━━━ EXTRACTED RECORDS ━━━

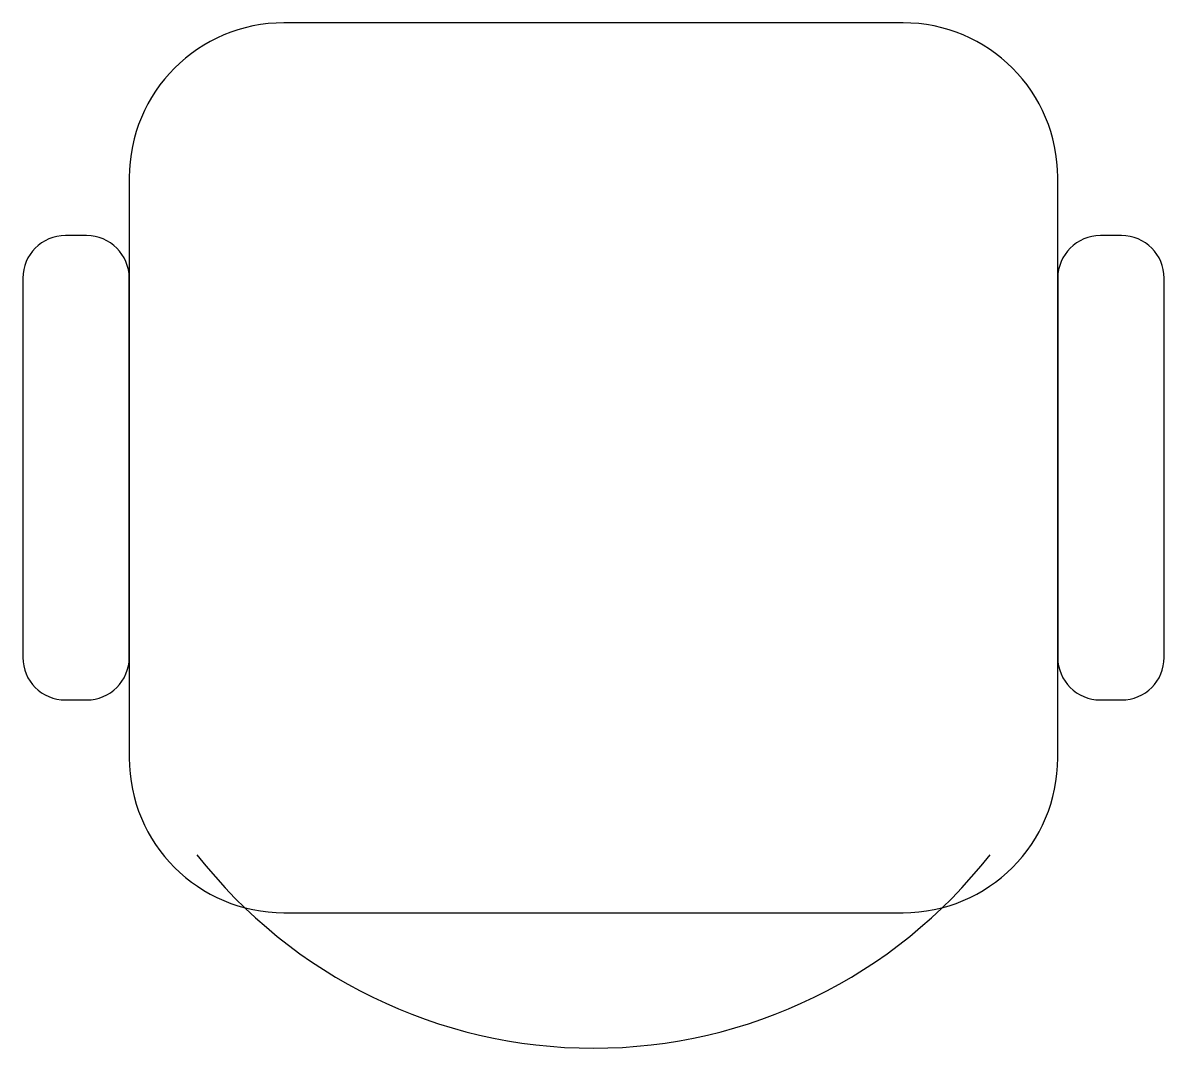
# Model space of a CAD drawing. Header units: millimetres. Extents: x -295 to 295, y -300 to 230.
import ezdxf

# ---------------------------------------------------------------- set-up
doc = ezdxf.new("R2010")
doc.units = ezdxf.units.MM

msp = doc.modelspace()

# ---------------------------------------------------------------- linework, layer by layer
at = {"layer": 'NT_VAN_PHONG'}
for p, q in [((160, 230), (-160, 230)), ((-240, 150), (-240, -150)), ((240, -150), (240, 150)), ((-262, 120), (-273, 120)), ((273, 120), (262, 120)), ((-295, 98), (-295, -98)), ((-240, -98), (-240, 98)), ((240, 98), (240, -98)), ((295, -98), (295, 98)), ((-273, -120), (-262, -120)), ((262, -120), (273, -120)), ((-160, -230), (160, -230))]:
    msp.add_line(p, q, dxfattribs=at)
for centre, radius, start, end in [((-160, 150), 80, 90, 180), ((160, 150), 80, 0, 90), ((-273, 98), 22, 90, 180), ((-262, 98), 22, 0, 90), ((262, 98), 22, 90, 180), ((273, 98), 22, 0, 90), ((-273, -98), 22, 180, 270), ((-262, -98), 22, -90, 0), ((262, -98), 22, 180, 270), ((273, -98), 22, -90, 0), ((-160, -150), 80, 180, 270), ((160, -150), 80, -90, 0), ((0, -39.87), 260.13, -142.01, -37.99)]:
    msp.add_arc(centre, radius, start, end, dxfattribs=at)

doc.saveas('drawing.dxf')

━━━

Write out exactly the lines from the line holding "doc.units = ezdxf.units.MM" through the last line of the data, and nothing besides those lines.

doc.units = ezdxf.units.MM

msp = doc.modelspace()

# ---------------------------------------------------------------- linework, layer by layer
at = {"layer": 'NT_VAN_PHONG'}
for p, q in [((160, 230), (-160, 230)), ((-240, 150), (-240, -150)), ((240, -150), (240, 150)), ((-262, 120), (-273, 120)), ((273, 120), (262, 120)), ((-295, 98), (-295, -98)), ((-240, -98), (-240, 98)), ((240, 98), (240, -98)), ((295, -98), (295, 98)), ((-273, -120), (-262, -120)), ((262, -120), (273, -120)), ((-160, -230), (160, -230))]:
    msp.add_line(p, q, dxfattribs=at)
for centre, radius, start, end in [((-160, 150), 80, 90, 180), ((160, 150), 80, 0, 90), ((-273, 98), 22, 90, 180), ((-262, 98), 22, 0, 90), ((262, 98), 22, 90, 180), ((273, 98), 22, 0, 90), ((-273, -98), 22, 180, 270), ((-262, -98), 22, -90, 0), ((262, -98), 22, 180, 270), ((273, -98), 22, -90, 0), ((-160, -150), 80, 180, 270), ((160, -150), 80, -90, 0), ((0, -39.87), 260.13, -142.01, -37.99)]:
    msp.add_arc(centre, radius, start, end, dxfattribs=at)

doc.saveas('drawing.dxf')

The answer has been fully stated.